#### EXERCISE DIRECTIONS
Repeat exactly the lines that run from the start of the records below to the line with "15) normal (0, 0, 1) x", including both of those lines but not the pictures.

== RECORDS SHOWN ==

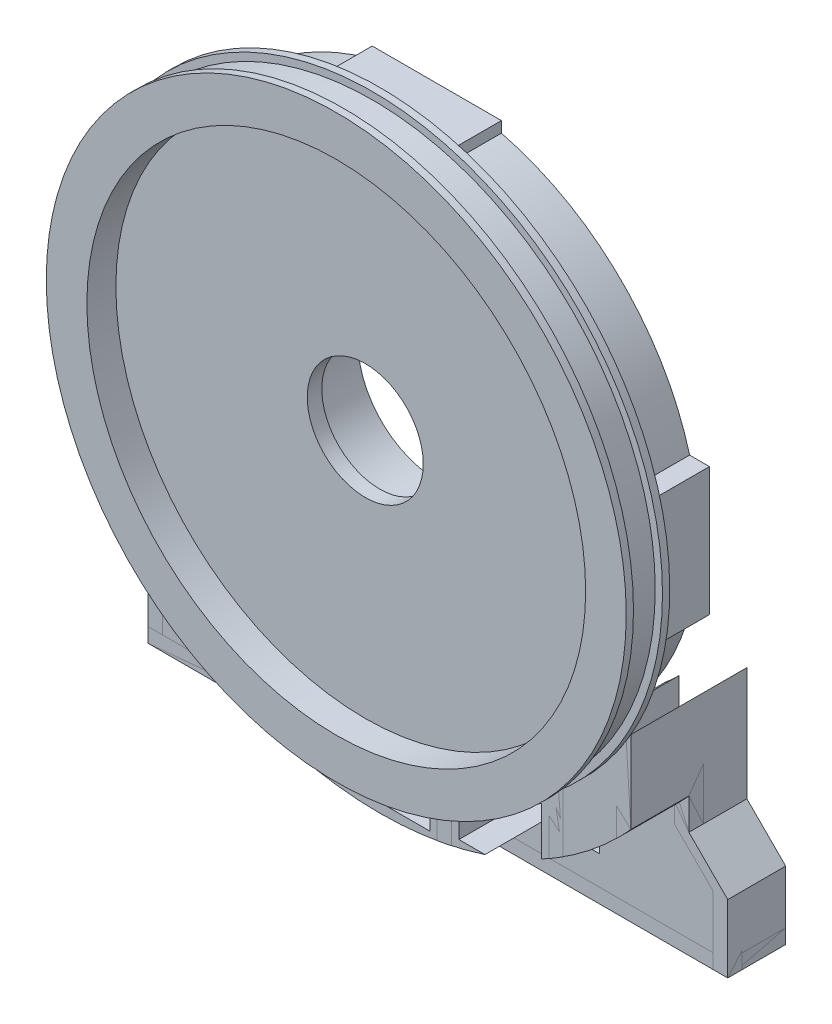
SolidWorks part; units mm, degrees
ref_plane "Front Plane" through (0, 0, 0) normal (0, 0, 1) x (1, 0, 0)
ref_plane "Top Plane" through (0, 0, 0) normal (0, 1, 0) x (1, 0, 0)
ref_plane "Right Plane" through (0, 0, 0) normal (1, 0, 0) x (0, 0, -1)
sketch "Sketch1" plane through (0, 0, 0) normal (0, 0, 1) x (1, 0, 0)
  circle A0 centre (0, 0) radius 200
extrude "Boss-Extrude1" add sketch "Sketch1" along normal blind 5
sketch "Sketch2" plane through (0, 0, 5) normal (0, 0, 1) x (1, 0, 0)
  circle A0 centre (0, 0) radius 195
extrude "Boss-Extrude2" add sketch "Sketch2" along normal blind 10
ref_plane "Plane1" through (0, 0, 15) normal (0, 0, 1) x (1, 0, 0)
mirror "Mirror2" about plane through (0, 0, 15) normal (0, 0, 1) of "Boss-Extrude2", "Boss-Extrude1"
mirror "Mirror3" about plane through (0, 0, 15) normal (0, 0, 1) of "Boss-Extrude1"
sketch "Sketch4" plane through (0, 0, 0) normal (0, 0, 1) x (1, 0, 0)
  circle A0 centre (0, 0) radius 180
  circle A1 centre (0, 0) radius 172
extrude "Boss-Extrude3" add sketch "Sketch4" against normal blind 40
sketch "Sketch5" plane through (0, 0, 0) normal (0, 0, -1) x (-1, 0, 0)
  circle A0 centre (0, 0) radius 104.5
  circle A1 centre (0, 0) radius 96.5
sketch "Sketch6" plane through (0, 0, 0) normal (0, 0, -1) x (-1, 0, 0)
  circle A0 centre (0, 0) radius 40
extrude "Cut-Extrude1" cut sketch "Sketch6" against normal through all both and the other way through all
sketch "Sketch7" plane through (0, 0, 30) normal (0, 0, 1) x (1, 0, 0)
  circle A0 centre (0, 0) radius 172
  circle A1 centre (0, 0) radius 40 construction
extrude "Cut-Extrude2" cut sketch "Sketch7" against normal blind 20
sketch "Sketch8" plane through (0, 0, 0) normal (0, 0, -1) x (-1, 0, 0)
  line L1 (-226.8867, 0) -> (327.5333, 0) construction
  line L3 (10.3528, -38.637) -> (44.5169, -166.1392) construction
sketch "Sketch11" plane through (0, 0, 0) normal (0, 0, -1) x (-1, 0, 0)
  line L0 (0, 220.657) -> (0, -234.2087) construction
  line L1 (10.3528, -38.637) -> (44.5169, -166.1392) construction
  line L3 (13.739, -37.0329) -> (48.7398, -168.4842) construction
  line L6 (41.8584, -170.3245) -> (7.0358, -38.9499) construction
  line L8 (7.0358, -38.9499) -> (13.739, -37.0329)
  line L9 (7.0358, -38.9499) -> (41.8584, -170.3245)
  line L10 (13.739, -37.0329) -> (48.7398, -168.4842)
  line L11 (41.8584, -170.3245) -> (48.7398, -168.4842)
  dimension "D1" = 15
extrude "Boss-Extrude12" add sketch "Sketch11" along normal blind 40
pattern_circular "CirPattern7" count 12 every 30 about axis through (0, 0, 0) along (0, 0, 1) of "Boss-Extrude12"
extrude "Boss-Extrude14" add sketch "Sketch5" along normal blind 40
sketch "Sketch16" plane through (0, 0, 0) normal (0, 0, -1) x (-1, 0, 0)
  circle A0 centre (0, 0) radius 63
  circle A2 centre (0, 0) radius 55
extrude "Boss-Extrude15" add sketch "Sketch16" along normal blind 40
sketch "Sketch17" plane through (0, 0, 0) normal (0, 0, -1) x (-1, 0, 0)
  circle A0 centre (0, 0) radius 55
  circle A1 centre (0, 0) radius 40
ref_plane "Plane3" through (0, 0, -40) normal (0, 0, -1) x (-1, 0, 0)
sketch "Sketch18" plane through (0, 0, -40) normal (0, 0, -1) x (-1, 0, 0)
  circle A1 centre (0, 0) radius 55
extrude "Cut-Extrude9" cut sketch "Sketch18" against normal blind 40
sketch "Sketch20" plane through (0, 0, 0) normal (0, 0, -1) x (-1, 0, 0)
  line L0 (-76.3832, 71.3152) -> (-124.0564, 119.1386)
  line L1 (76.2988, 71.4055) -> (124.1704, 119.0198)
  line L2 (-70.7313, 65.6455) -> (-47.0532, 41.8927)
  line L3 (70.6239, 65.7611) -> (46.8523, 42.1173)
  arc A0 (76.2988, 71.4055) -> (-76.3832, 71.3152) centre (0, 0) ccw
  arc A1 (124.1704, 119.0198) -> (-124.0564, 119.1386) centre (0, 0) ccw
  arc A2 (46.8523, 42.1173) -> (-47.0532, 41.8927) centre (0, 0) ccw
  arc A3 (70.6239, 65.7611) -> (-70.7313, 65.6455) centre (0, 0) ccw
extrude "Cut-Extrude13" cut sketch "Sketch20" along normal blind 40
sketch "Sketch21" plane through (0, 0, -40) normal (0, 0, -1) x (-1, 0, 0)
  line L0 (0, 245.7288) -> (0, -237.5415) construction
  line L1 (-138.1613, 239.3024) -> (0, 0) construction
  line L2 (0, 0) -> (159.1654, 275.6826) construction
  line L3 (-33.0054, 0) -> (-33.0054, 111.1117) construction
  dimension "D1" = 30
  dimension "D2" = 60
sketch "Sketch22" plane through (0, 0, -40) normal (0, 0, -1) x (-1, 0, 0)
  line L0 (25.0054, 0) -> (25.0054, 281.7628) construction
  line L1 (-25.0054, 0) -> (-25.0054, 250.3344) construction
  line L2 (-33.0054, 0) -> (-33.0054, 111.1117) construction
  line L3 (33.0054, 0) -> (33.0054, 272.1332) construction
  line L4 (-33.0054, 0) -> (-33.0054, 250.3344) construction
  point P11 (-25.0054, 48.987)
  point P12 (-513.0578, 150.8351)
  dimension "D1" = 8
sketch "Sketch25" plane through (0, 0, -40) normal (0, 0, -1) x (-1, 0, 0)
  line L0 (-30.0323, 46.0767) -> (-30.0323, 76.987)
  line L1 (-38.0323, 39.7309) -> (-38.0323, 76.987)
  line L2 (-38.0323, 76.987) -> (38, 76.987)
  line L3 (30, 46.0977) -> (30, 76.987)
  line L4 (-38, 66.987) -> (38, 66.987)
  line L8 (38, 39.7618) -> (38, 76.987)
  line L10 (-30.0323, 176.987) -> (-30.0323, 177.4769)
  line L12 (0, 245.7288) -> (0, -237.5415) construction
  line L13 (0, 130) -> (-38.0323, 130)
  line L16 (38, 130) -> (0, 130)
  line L20 (-38.0323, 76.987) -> (-38.0323, 175.9362)
  line L21 (38, 76.987) -> (38, 175.9432)
  line L22 (30, 76.987) -> (30, 177.4824)
  line L25 (-30.0323, 76.987) -> (-30.0323, 176.987)
  line L26 (-38.0323, 122) -> (38, 122)
  arc A0 (38, 175.9432) -> (-38.0323, 175.9362) centre (0, 0) ccw
  arc A1 (38, 39.7618) -> (30, 46.0977) centre (0, 0) ccw
  arc A2 (-30.0323, 46.0767) -> (-38.0323, 39.7309) centre (0, 0) ccw
  dimension "D1" = 8
  dimension "D4" = 8
  dimension "D2" = 8
extrude "Boss-Extrude18" add sketch "Sketch25" against normal blind 40
sketch "Sketch27" plane through (0, 0, 0) normal (0, 0, -1) x (-1, 0, 0)
  line L1 (-30.0323, 122) -> (30, 122)
  line L2 (-30.0323, 122) -> (-30.0323, 76.987)
  line L3 (-30.0323, 76.987) -> (30, 76.987)
  line L4 (30, 122) -> (30, 76.987)
  line L5 (-30.0323, 122) -> (30, 76.987) construction
  line L6 (-30.0323, 76.987) -> (30, 122) construction
  line L7 (-30.0323, 66.987) -> (30, 66.987)
  line L8 (-30.0323, 66.987) -> (-30.0323, 40)
  line L9 (-30.0323, 40) -> (30, 40)
  line L10 (30, 66.987) -> (30, 40)
  line L11 (-30.0323, 66.987) -> (30, 40) construction
  line L12 (-30.0323, 40) -> (30, 66.987) construction
  point P4 (-0.0161, 99.4935)
  point P11 (-0.0161, 53.4935)
extrude "Cut-Extrude15" cut sketch "Sketch27" along normal blind 40
ref_plane "Plane4" through (0, 0, -50) normal (0, 0, -1) x (-1, 0, 0)
sketch "Sketch30" plane through (0, 0, -50) normal (0, 0, -1) x (-1, 0, 0)
  line L0 (-38.0323, 97.3334) -> (-38.0323, 167.7425) construction
  line L1 (-38.0323, 130) -> (38, 130)
  line L2 (-38.0323, 130) -> (-38.0323, 167.7425)
  line L4 (38, 130) -> (38, 167.7498)
  arc A0 (38, 167.7498) -> (-38.0323, 167.7425) centre (0, 0) ccw
  point P4 (-0.0161, 151.6509)
extrude "Cut-Extrude16" cut sketch "Sketch30" against normal blind 35
ref_plane "Plane5" through (0, 0, -40) normal (0, 0, -1) x (-1, 0, 0)
sketch "Sketch31" plane through (0, 0, -40) normal (0, 0, -1) x (-1, 0, 0)
  line L0 (-38.0323, 167.7425) -> (-38.0323, 182.0805)
  line L1 (-43.8991, 172.6431) -> (-43.8991, 166.3035)
  line L2 (38, 182.0805) -> (38, 167.7498)
  line L3 (-43.8991, 182.0805) -> (45.1952, 182.0805)
  line L8 (-43.8991, 182.0805) -> (-43.8991, 172.6431)
  line L9 (-43.8991, 172.6431) -> (45.1952, 172.6431)
  line L10 (45.1952, 182.0805) -> (45.1952, 172.6431)
  line L11 (45.1952, 172.6431) -> (45.1952, 165.956)
  arc A0 (45.1952, 165.956) -> (-43.8991, 166.3035) centre (0, 0) ccw
  point P10 (-0.0193, 178.6973)
  point P11 (0.648, 177.3618)
extrude "Boss-Extrude19" add sketch "Sketch31" against normal blind 44 contours A0 L0 L9 L1 | L8 L9 L0 L3 | L0 L9 L2 L3 | A0 L2 L9 L0 | A0 L11 L9 L2 | L10 L3 L2 L9
sketch "Sketch32" plane through (0, 0, 0) normal (0, 0, 1) x (1, 0, 0)
  line L0 (0, 0) -> (-173.1406, -99.4798)
  line L1 (0, 0) -> (0, -390) construction
  line L2 (0, 0) -> (173.1482, -99.4666)
  line L3 (173.1482, -99.4666) -> (173.1482, -389.8428)
  line L4 (-173.1406, -99.4798) -> (-173.1406, -389.8428)
  line L5 (0.0076, -199.6845) -> (0, -390)
  line L6 (173.1482, -389.8428) -> (-173.1406, -389.8428)
  line L12 (125.8692, -389.8428) -> (126.5384, -128.0157)
  line L14 (39.5868, -389.8428) -> (39.5868, -195.7212)
  line L16 (49.5868, -389.8428) -> (49.5868, -173.0351)
  line L17 (39.5868, -389.8428) -> (39.5868, -175.593)
  line L19 (-39.4279, -389.8428) -> (-39.4279, -175.6287)
  line L21 (-49.4279, -389.8428) -> (-49.4279, -173.0806)
  line L24 (-116.5381, -389.8428) -> (-116.5381, -137.1819)
  line L26 (-126.5381, -389.8428) -> (-126.5381, -128.016)
  line L28 (116.0868, -389.8428) -> (116.733, -137.0161)
  arc A0 (-173.1406, -99.4798) -> (173.1482, -99.4666) centre (0, 0) ccw
  circle A1 centre (0, 0) radius 180
  point P15 (173.1482, -99.4666)
  point P16 (-173.1406, -99.4798)
extrude "Boss-Extrude20" add sketch "Sketch32" against normal blind 80 contours A0 L28 L6 L12 | A1 L28 A0 L12 | A1 L17 A0 L16 | A0 L14 L6 L16 | A1 L21 A0 L19 | A0 L21 L6 L19 | A1 L26 A0 L24 | A0 L26 L6 L24
sketch "Sketch33" plane through (0, 0, 0) normal (0, 0, -1) x (-1, 0, 0)
  line L2 (0, 0) -> (0, -342.4917) construction
  line L3 (-173.2051, -100) -> (-173.2051, -178.3656)
  line L5 (173.2051, -100) -> (173.2051, -178.6485)
  line L6 (190, -389.8428) -> (190, -205.4434)
  line L7 (-200, -205.1605) -> (-200, -389.8428)
  line L8 (200, -205.4434) -> (200, -389.8428)
  line L9 (-173.2051, -178.3656) -> (-200, -205.1605)
  line L10 (173.2051, -178.6485) -> (200, -205.4434)
  line L13 (190, -389.8428) -> (200, -389.8428)
  line L15 (-190, -389.8428) -> (-190, -205.1605)
  line L16 (-190, -205.1605) -> (-163.2051, -178.3656)
  line L17 (-163.2051, -178.3656) -> (-163.2051, -115.6032)
  line L19 (-190, -389.8428) -> (-200, -389.8428)
  line L20 (190, -205.4434) -> (163.2051, -178.6485)
  line L21 (163.2051, -178.6485) -> (163.2051, -115.6032)
  line L22 (-190, -389.8428) -> (190, -389.8428)
  arc A0 (-173.2051, -100) -> (173.2051, -100) centre (0, 0) ccw
extrude "Boss-Extrude21" add sketch "Sketch33" along normal blind 80 separate body contours A0 L3 L9 L7 L19 L15 L16 L17 | A0 L21 L20 L6 L13 L8 L10 L5
sketch "Sketch34" plane through (0, 0, 0) normal (0, 0, -1) x (-1, 0, 0)
  line L0 (-200, -389.8428) -> (200, -389.8428)
  line L1 (200, -389.8428) -> (200, -205.4434)
  line L2 (200, -205.4434) -> (173.2051, -178.6485)
  line L3 (173.2051, -178.6485) -> (173.2051, -100)
  line L4 (-200, -389.8428) -> (-200, -205.1605)
  line L5 (-200, -205.1605) -> (-173.2051, -178.3656)
  line L6 (-173.2051, -178.3656) -> (-173.2051, -100)
  circle A0 centre (0, 0) radius 200
  circle A1 centre (0, 0) radius 200
extrude "Boss-Extrude26" add sketch "Sketch34" along normal blind 50 separate body contours A0 L6 L5 L4 L0 L1 L2 L3
ref_plane "Plane8" through (0, 0, 0) normal (-1, 0, 0) x (0, 0, 1)
sketch "Sketch38" plane through (0, 0, 0) normal (-1, 0, 0) x (0, 0, 1)
  line L0 (0, -200) -> (197.9741, -200) construction
  line L1 (30, -200) -> (30, -304.3172) construction
  line L2 (30, -200) -> (0, -200) construction
  line L3 (0, -178.3656) -> (0, -205.1605) construction
  line L4 (0, -200) -> (0, -302.6251) construction
  line L5 (0, -205.1605) -> (0, -389.8428) construction
  line L6 (0, -200) -> (-40, -166.436) construction
  line L7 (-50, -205.1605) -> (-40, -205.1605) construction
  line L8 (-80, -205.1605) -> (0, -205.1605) construction
  line L9 (-40, -205.1605) -> (-40, -166.436) construction
  line L10 (0, 0) -> (-40, -166.436)
  line L11 (-40, -166.436) -> (-40, 0) construction
  line L13 (0, 0) -> (-40, 0) construction
  point P17 (-40, -166.436)
  dimension "D2" = 166.436
  dimension "D1" = 50
sketch "Sketch39" plane through (0, 0, 10) normal (0, 0, 1) x (1, 0, 0)
  line L0 (-233.56, 0) -> (-438.1523, 0)
  line L1 (233.56, 0) -> (438.1523, 0)
  arc A0 (-233.56, 0) -> (233.56, 0) centre (0, 0) ccw
  arc A1 (-438.1523, 0) -> (438.1523, 0) centre (0, 0) ccw
extrude "Cut-Extrude17" cut sketch "Sketch39" against normal blind 40
ref_plane "Plane9" through (0, 0, 30) normal (0, 0, 1) x (1, 0, 0)
sketch "Sketch41" plane through (0, 0, 30) normal (0, 0, 1) x (1, 0, 0)
  line L0 (-306.4353, 0) -> (417.3108, 0) construction
  line L1 (0, 247.8182) -> (0, -475.0549) construction
  line L2 (0, -172) -> (470.7399, -172) construction
  line L3 (470.7399, -172) -> (-364.2612, -172) construction
  line L4 (0, -172) -> (0, -252) construction
  line L5 (-200, -389.8428) -> (200, -389.8428)
  line L6 (-200, -389.8428) -> (-200, -252)
  line L7 (200, -389.8428) -> (200, -252)
  line L8 (-200, -252) -> (200, -252)
  circle A0 centre (0, 0) radius 172 construction
  dimension "D1" = 0
extrude "Cut-Extrude18" cut sketch "Sketch41" against normal through all
sketch "Sketch42" plane through (0, 0, -40) normal (0, 0, -1) x (-1, 0, 0)
  line L0 (200, -252) -> (-200, -252)
  line L1 (200, -252) -> (200, -242)
  line L2 (-200, -252) -> (-200, -242)
  line L3 (200, -242) -> (-200, -242)
extrude "Boss-Extrude29" add sketch "Sketch42" along normal blind 40 and the other way blind 10 separate body
ref_plane "Plane10" through (0, 0, 0) normal (0, 0, -1) x (-1, 0, 0)
sketch "Sketch43" plane through (0, 0, 0) normal (0, 0, -1) x (-1, 0, 0)
  line L0 (-291.6105, 0) -> (344.5212, 0) construction
  line L1 (0, 0) -> (-368.629, 6.4344) construction
  line L2 (0, 0) -> (351.9144, 43.2096) construction
  line L3 (198.5092, 24.3739) -> (175.9954, 207.734) construction
  line L4 (185.9984, 22.8377) -> (180.5142, 67.5023)
  line L5 (180.5142, 67.5023) -> (191.293, -20.2833)
  line L6 (180.5142, 67.5023) -> (163.235, 65.3807)
  line L10 (191.293, -20.2833) -> (172.6101, -22.5773)
  line L12 (-187.4012, 2.4048) -> (-187.4012, -41.2583)
  line L13 (-187.4012, -41.2583) -> (-187.4012, 47.1866)
  line L14 (-187.4012, -41.2583) -> (-169.9922, -41.2583)
  line L15 (-187.4012, 47.1866) -> (-168.5781, 47.1866)
  line L16 (0, 0) -> (-179.9726, 3.1414) construction
  arc A0 (163.235, 65.3807) -> (172.6101, -22.5773) centre (17.3203, 5.3496) cw
  arc A1 (-169.9922, -41.2583) -> (-168.5781, 47.1866) centre (-17.8492, 0.5428) cw
  arc A2 (-43.8991, 174.5648) -> (-126.5384, -128.0157) centre (0, 0) ccw construction
  point P20 (-175.61, 3.0653)
  dimension "D1" = 1
  dimension "D2" = 7
extrude "Boss-Extrude31" add sketch "Sketch43" along normal blind 40 contours L14 A1 L15 L13 L12 | L6 A0 L10 L5 L4
sketch "Sketch45" plane through (0, 0, -50) normal (0, 0, -1) x (-1, 0, 0)
  line L0 (205, -226.9042) -> (205, 0)
  line L1 (205, -237.3602) -> (205, -216.3758)
  line L2 (54.4279, -222) -> (111.5381, -222)
  line L3 (111.5381, -172.0007) -> (111.5381, -222)
  line L4 (54.4279, -197.6426) -> (54.4279, -222)
  line L5 (116.5381, -252) -> (116.5381, -137.1819) construction
  line L6 (49.4279, -252) -> (49.4279, -173.0806) construction
  line L7 (200, -242) -> (-200, -242) construction
  line L8 (-39.5868, -252) -> (-39.5868, -175.593) construction
  line L10 (-34.5868, -202.0613) -> (-34.5868, -227)
  line L11 (-34.5868, -227) -> (34.4279, -227)
  line L12 (34.4279, -202.0884) -> (34.4279, -227)
  line L13 (39.4279, -252) -> (39.4279, -175.6287) construction
  line L14 (-49.5868, -252) -> (-49.5868, -173.0351) construction
  line L16 (-111.5158, -172.0152) -> (-111.5158, -222)
  line L17 (-111.5158, -222) -> (-54.5868, -222)
  line L18 (-54.5868, -197.5988) -> (-54.5868, -222)
  line L19 (-116.4391, -252) -> (-116.733, -137.0161) construction
  circle A0 centre (0, 0) radius 205
  dimension "D1" = 5
  dimension "D4" = 15
  dimension "D2" = 5
  dimension "D3" = 20
  dimension "D5" = 5
  dimension "D6" = 5
  dimension "D8" = 20
  dimension "D9" = 5
  dimension "D10" = 5
extrude "Cut-Extrude19" cut sketch "Sketch45" against normal through all contours A0 L10 L11 L12 | A0 L4 L2 L3 | A0 L16 L17 L18
sketch "Sketch48" plane through (0, 0, -30) normal (0, 0, 1) x (1, 0, 0)
  line L0 (-200, -252) -> (200, -252)
  line L1 (200, -252) -> (190, -252) construction
  line L2 (200, -252) -> (200, -155.8788)
  line L4 (200, -155.8788) -> (173.9312, -155.8788)
  line L5 (-200, -155.8788) -> (-200, -252)
  line L6 (-173.9312, -155.8788) -> (-200, -155.8788)
  arc A0 (-173.9312, -155.8788) -> (173.9312, -155.8788) centre (0, 0) ccw
extrude "Cut-Extrude20" cut sketch "Sketch48" against normal blind 10
sketch "Sketch49" plane through (0, 0, 10) normal (0, 0, 1) x (1, 0, 0)
  line L0 (0, 274.6736) -> (0, -309.1586) construction
  point P0 (0, 0)
ref_plane "Plane21" through (0, 0, 10) normal (0, -1, 0) x (-1, 0, 0)

===

#### SOLVED EXERCISE
SolidWorks part; units mm, degrees
ref_plane "Front Plane" through (0, 0, 0) normal (0, 0, 1) x (1, 0, 0)
ref_plane "Top Plane" through (0, 0, 0) normal (0, 1, 0) x (1, 0, 0)
ref_plane "Right Plane" through (0, 0, 0) normal (1, 0, 0) x (0, 0, -1)
sketch "Sketch1" plane through (0, 0, 0) normal (0, 0, 1) x (1, 0, 0)
  circle A0 centre (0, 0) radius 200
extrude "Boss-Extrude1" add sketch "Sketch1" along normal blind 5
sketch "Sketch2" plane through (0, 0, 5) normal (0, 0, 1) x (1, 0, 0)
  circle A0 centre (0, 0) radius 195
extrude "Boss-Extrude2" add sketch "Sketch2" along normal blind 10
ref_plane "Plane1" through (0, 0, 15) normal (0, 0, 1) x (1, 0, 0)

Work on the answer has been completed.